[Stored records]
== Segment start ==
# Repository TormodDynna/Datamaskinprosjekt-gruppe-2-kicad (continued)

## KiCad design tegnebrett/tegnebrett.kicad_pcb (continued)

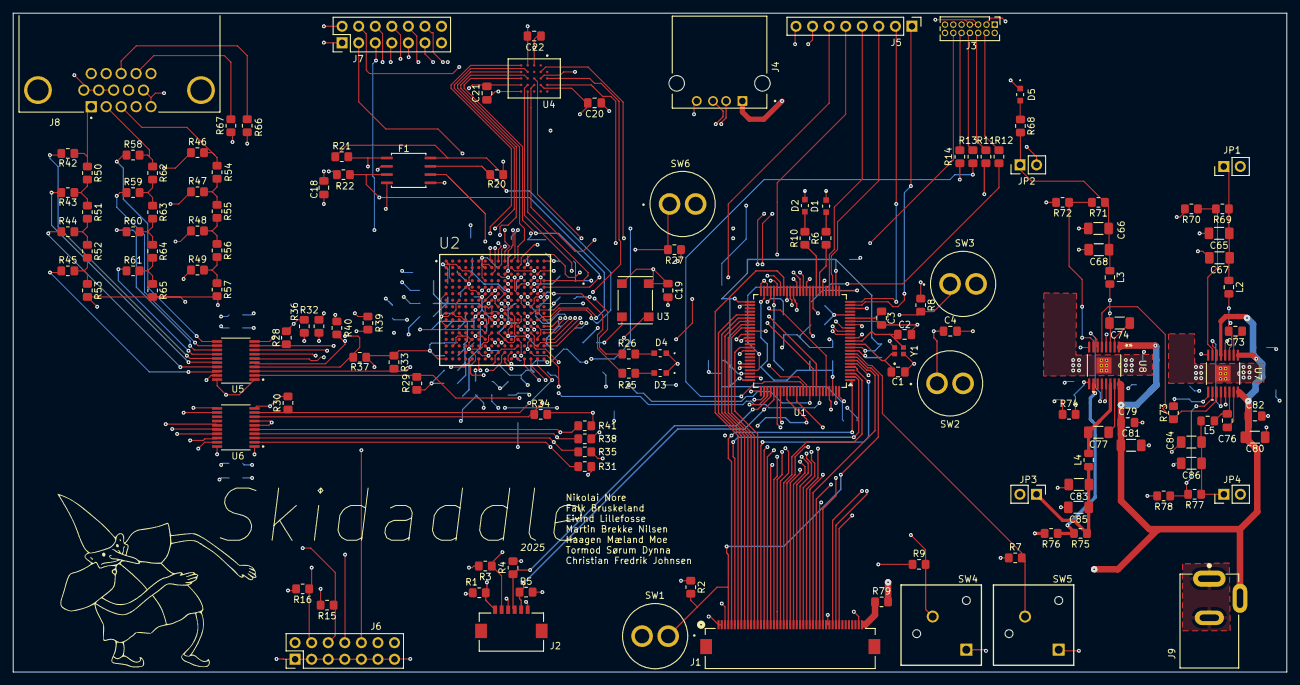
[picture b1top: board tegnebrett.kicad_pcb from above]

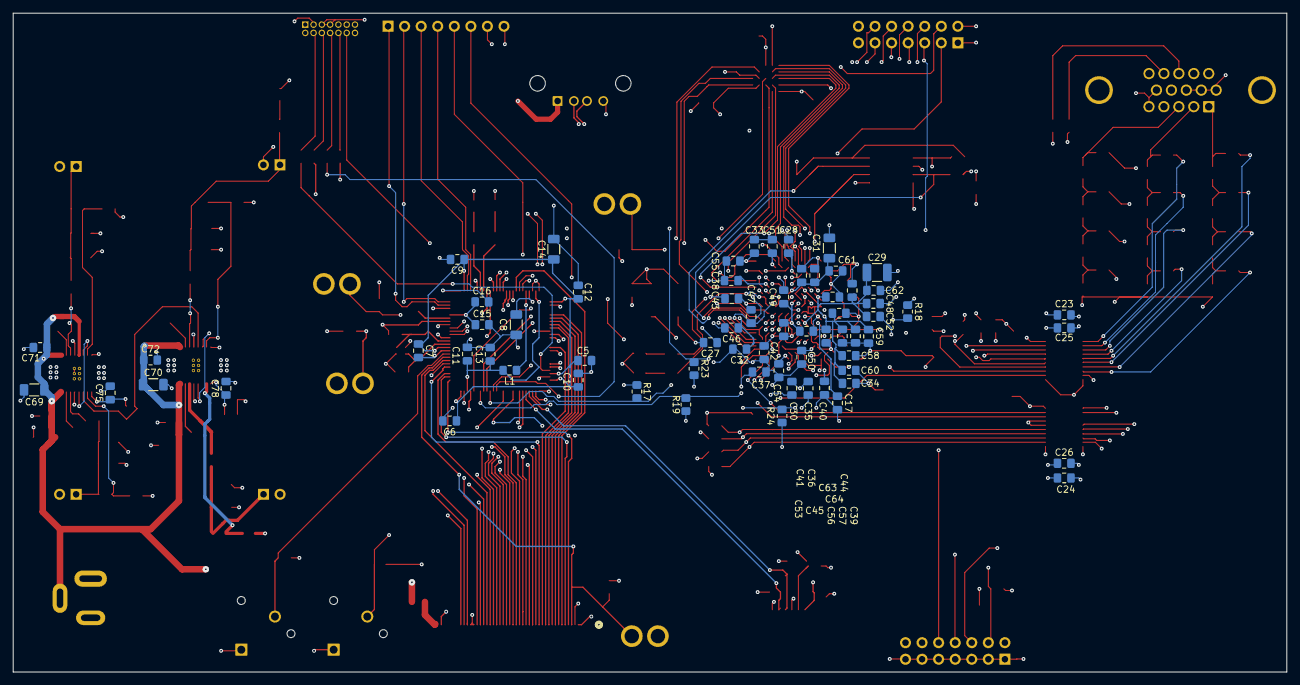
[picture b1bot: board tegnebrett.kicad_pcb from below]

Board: 6 copper layers, 195.2 x 101.0 mm, 204 parts (67 on the bottom side), 184 nets.

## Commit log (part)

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2025-09-24 feat: PCB update
    Main additions:
    - Added LEDs to Power Supply, MCU and FPGA.
    The resistor values will depend on the specific LEDs we buy.
    Red LEDs need a different resistor value than blue LEDs, etc.
    - Added a bunch of buttons to the MCU
    It doesn't hurt to have some redundancy here.
2025-09-24 feat: add Handleliste
    This is a start, where the shopping list has the main components for the
    MCU. We also need to buy a debug pin thing, and probably a connector
    which goes into the debug pin header.
    We also need a USB-A port.
    At a later stage we need to include all the FPGA-related components and
    the power supply.
2025-09-25 feat(PCB-schematic): add power flags
    This removes a lot of the warnings we're getting from the ERC checker.
    There are still some warnings on the PSU, probably because we've set the
    wrong pin type on some of the pins.
    For example output instead of power output, etc.
2025-09-25 feat: add 3D_models folder for custom modules
    I've currently put the connector 3D models in.
    The 3D model of the MCU is built into KiCAD.
2025-09-25 feat: added PCB file
    Placed the 45-pin connector and connected the 3D_model for it to the
    footprint.
2025-09-25 feat: add usb-A symbol, footprint and 3D model
2025-09-25 feat: add some footprints
    Added footprints to vertical 8pin connectors and so forth.
2025-09-26 feat: add USB-A symbol and footprint to schematic
    Also included the 3D model. Now there's some stuff in the PCB.
2025-09-26 feat: add 3d-models to custom footprints
    6pin and 45pin, USB-A.
2025-09-26 feat: remove old power supply schmatic
2025-09-26 docs: Tasks for Christian
2025-09-26 feat: add resistors between MCU debug and MCU
    These resistors are there in the slides from Asbjørn, so I assume they
    should be there. Couldn't find any information on series resistors to
    the debug pins in the data sheet. So they may or may not be actually
    needed.
2025-09-27 feat: add 100MHz oscillator footprint
    Additionally add the footprint to PCB.
2025-09-27 feat: add VGA Transceiver footprint
    Additionally add VGA Transceiver to PCB layout.
2025-09-27 feat: add psram footprint and add to PCB
2025-09-27 feat: add FPGA footprint and add footprint to PCB
2025-09-27 .gitignore: add libreoffice calc lock to gitignore
2025-09-27 feat: add LED footprint, and add them to PCB
2025-09-27 feat: add 48MHz crystal footprint + add to PCB
2025-09-27 docs: Add information on capacitors and their footprints
2025-09-27 feat: add footprint for each capacitor
    It's all 0805, 1206 or 1210 hand soldering variants.
2025-09-27 feat: add footprints to inductors
2025-09-27 docs: Add note on the different resistors and where to buy
2025-09-27 feat: add footprint to resistors
2025-09-28 refactor: remove some general bottuns from MCU
    We have gone down from 9 buttons total to 6 buttons total.
    One button is connected to the FPGA.
2025-09-28 feat: add footprint to FPGA_debug
2025-09-28 feat: add and import footprints of trash buttons
    These buttons are cheap and do the job fine.
2025-09-28 refactor: remove unused LEDs
    We have too many LEDs.
    We're thinking two LEDs for the MCU and two LEDs for the FPGA.
    Additionally have one Green LED at power supply to indicate that power
    is on.
2025-09-28 refactor: use new LED variants.
    These have a supply voltage of 2V, and they have a current of 5mA.
    These are nice numbers which gives a required resistance of 260 Ohm,
    assuming a supply voltage of 3.3V
    We're using 270 Ohms though, as 260 is not standard.
2025-09-28 feat: add LED to 3.3V from power supply, and set resistors to 270ohm.
    Additionally add footprints to these resistors which *did not* yet have
    a footprint (because their resistor values were not determined yet).
2025-09-28 feat: add 15V power jack symbol and import to schematic
2025-09-28 feat: sort components on PCB layout.
    Done by Tormod Sørum Dynna
2025-09-28 feat: add jumpers to PowerSupply schematic
2025-09-28 feat: add footprint to jumper and import to PCB
2025-09-29 pcb: update from schematic
    reloads the annotations used.
2025-09-29 refactor: make FPGA_Header_Pin 2x7 instead of 1x8
    We'll get some more GPIO pins exposed.
2025-09-29 gitignore: Ignore backup files (.bak)
2025-09-29 feat: add power_down_transformator symbol
    I've moved this symbol to the *tegnebrett_symbols* file.
    Apparently it is the case that multiple symbols are stored within one
    .kicad_sym file.
    I **also** moved the PJ (Power Jack) symbol to this file.
    Preparing to remove the PJ symbol file, and also the symbols folder.
    Everything is stored in the (misnamed) USB....kicad_sym file.
2025-09-29 refactor: update power-down-transformer symbol
    Update pin functions and so forth.
2025-09-29 feat: update symbol for second power down transformer
    Somehow I had managed to update one symbol, not both (the parts are
    identical).
2025-09-29 refactor: rename debuc.kicad_sch into FPGA.kicad_sch
    Easier to reason about. Also updated the main sheet such that it refers
    to this new filename.
2025-09-29 refactor: rename power supply file
    Additionally remove older unused schematics which were present in the
    *tegnebrett* folder.
2025-09-29 refactor: rename project from getting-started to tegnebrett
2025-09-29 rename: VGA1.kicad_sch got renamed into VGA
    It's confusing to have VGA1 when we only have one VGA schematic sheet.
2025-09-29 feat: add custom oscillator symbol
    We're ending up not using it, because *passive* is actually correct pin
    classification, even if the ERC gives errors when we have it on.
2025-09-29 misc: internal updates in schematic files
    project name is being updated from *getting-started* to *tegnebrett*
2025-09-29 fix: add PWR_FLAG symbol to Power supply schematic
    This reduces errors, now we only have one error left.
2025-09-29 superfeat: PCB updates from Tormod
2025-09-29 fix: Fix error saying that Ground pin isn't powered by power source.
    Did this by adding a PWR_FLAG to the schematic.
2025-09-29 fix: remove unused cable
    This removes one warning.
    The cable was connected in one end, unconnected in the other.
    Had no purpose at all.
2025-09-29 fix: add FPGA debug symbol to tegnebrett_symbols library
    This was a symbol added by Tormod which has also been lost to time.
    No problems, we just save the symbol into *tegnebrett_symbols*.
    I believe we will change the pin functions as well.
2025-09-29 refactor: move SCK_FPGA from N11 to N14
    This allows for easier routing on the PCB.
2025-09-29 fix: add FPGA Oscillator 100MHz to tegnebrett_symbols file
    This is one symbol which Tormod created locally which got lost to time.
2025-09-29 fix: remove unused labels in FPGA.kicad_sch
    Two labels which were only defined once (no matching label) were
    removed.
    Result: Two less warnings in the ERC checker. Now only 30 warnings.
2025-09-29 fix: add separate symbols for larger switches.
    They need pin1 and pin3, not pin1 and pin2.
    The PCB editor throws an error when pin3 is not present on the button
    symbol.
2025-09-29 refactor: move FPGA button from g12 to a13 pin on FPGA
    g12 -> a13
    This makes the routing easier.
2025-09-30 gitignore: Remove .kicac_prl from index and add to gitignore
    This is a file which only holds user-specific config on how symbols
    should be displayed, etc.
2025-09-30 chore: remove todo-christian.md
    All the tasks have been done, no need for it remain in root folder.
2025-09-30 feat: update Handleliste.xlsx
    Include information on crystal, oscillator, down transformer and FPGA
    flash.
    Additionally included the names of all the parts (except capacitors,
    resistors, buttons, etc.) which I still haven't found the link to.
2025-09-30 chore: move silkprint in PWP16 module
    More changes are coming to this footprint soon, there's some mismatch
    between symbol and footprint.
2025-09-30 docs: add FPGA, VGA-port and SRAM to shopping list
    Oscillator got updated, the initial entry was wrong.
2025-09-30 feat: update PCB
    Pulled the latest changes from Tormod and imported the EPAD -> 17 fix.
    Still, there are some warnings telling us that some footprints have pins
    which are not present on the symbols.
2025-09-30 feat: add skidaddle-logo silkscreen
    Did some image editing in GIMP before getting the size and so forth
    correct.
2025-09-30 fix: remove unused circuit label
    Removes one warning.
    Total warning count is now 20.
2025-09-30 fix: Add separate symbol for second VGA-transceiver
    Some pins are bi-directional on the one symbol, but grounded on the
    other. This new symbol and subsequent update to schematic symbol reduces
    the warning count by 2.
2025-09-30 fix: add project-local variant of FPGA symbol
    Allows us to set some bi-directional pins to *power input*, as some of
    the bi-directionals are connected to GND and VDD. KiCAD threw warning
    because of that.
    Now the warning count is down to 1.
2025-09-30 fix: remove unused net labels in main MCU sheet
    I had used labels called *VDD_W_DECOUPLING* and so forth, but these were
    identical in nature to +3V3. The chatbot is saying that we ideally
    should have different subnets (whatever that means). Would be necessary
    in larger projects, but it's fine to have just +3V3 in this small
    schematic/PCB layout.
    This removed the last warning in the ERC checker for the schematic.
2025-09-30 feat: PCB updates
    Latest stuff from Tormod.
    We still have 77 Errors and 2 warnings, but we'll ship this!
2025-09-30 chore: Remove .txt files
    These were used to get a quick overview of our inductors, capacitors and
    resistors. The data has been moved into the excel sheet, so we don't
    need the .txt files anymore.
2025-09-30 feat: add remaining components and prices to Handleliste
    We've now got all (probably) hardware stuff in the shopping list.
    The total price lies at 9909 NOK.
    Should probably check that we've actually included all components, but
    there's a good chance we actually do have them all.
2025-10-01 fix: Edit footprint such that vias have pin number 17
    This allows KiCAD to understand that the pad and the thermal vias are
    connected to the same layer (GND). It reduces the errors we get from DRC
    in PCB layout from 72 to 10.
2025-10-01 fix: change *zone connection style* for thermal vias
    Change from *inherited* to *solid*.
    This means that there are no longer any *copper spokes* going from the
    thermal vias to the rest of the thermal pad (which also has pin number
    17).
    This *increases* thermal conductivity, but makes it somewhat *harder* to
    solder the chip onto the PCB when we're doing hand-soldering.
2025-10-01 chore: update power transformers in PCB layout
    Completes the transition to *solid* zone connection style for thermal
    vias.
2025-10-04 feat: PCB updates
    Latest changes from Tormod. Fixed warnings and errors.
    Additionally moved the LCD screen connector ports to better fit the
    actual LCD screen.
2025-10-04 fix: change layers to get correct impedance
    GND is now on layer2, the USB-A stuff needs correct impedance.
2025-10-04 fix: import LCD resistor to PCB
    Again, this is to limit the current going through the LCD screen.
2025-10-04 fix: update FPGA flash footprint
    Now the front silkscreen no longer goes over the holes in the front
    mask.
2025-10-04 fix: move LCD screen 6-pin connector to better position
    1 mm right and 3 mm up into the PCB.
2025-10-04 docs: latest version of Handleliste-hardware
2025-10-28 feat: add .svg version of logo
    We're going to have this on our T-shirts at the presentation.
2025-11-18 docs: add system overview draw.io file
    When opened in draw.io, you'll see a quick overview of the main
    components on the PCB, and the communication interfaces which exist
    between the components.
== Segment end ==
Assignment: Every line that holds the string "gives" must be copied from the records above.

Solution:
    These are nice numbers which gives a required resistance of 260 Ohm,
    classification, even if the ERC gives errors when we have it on.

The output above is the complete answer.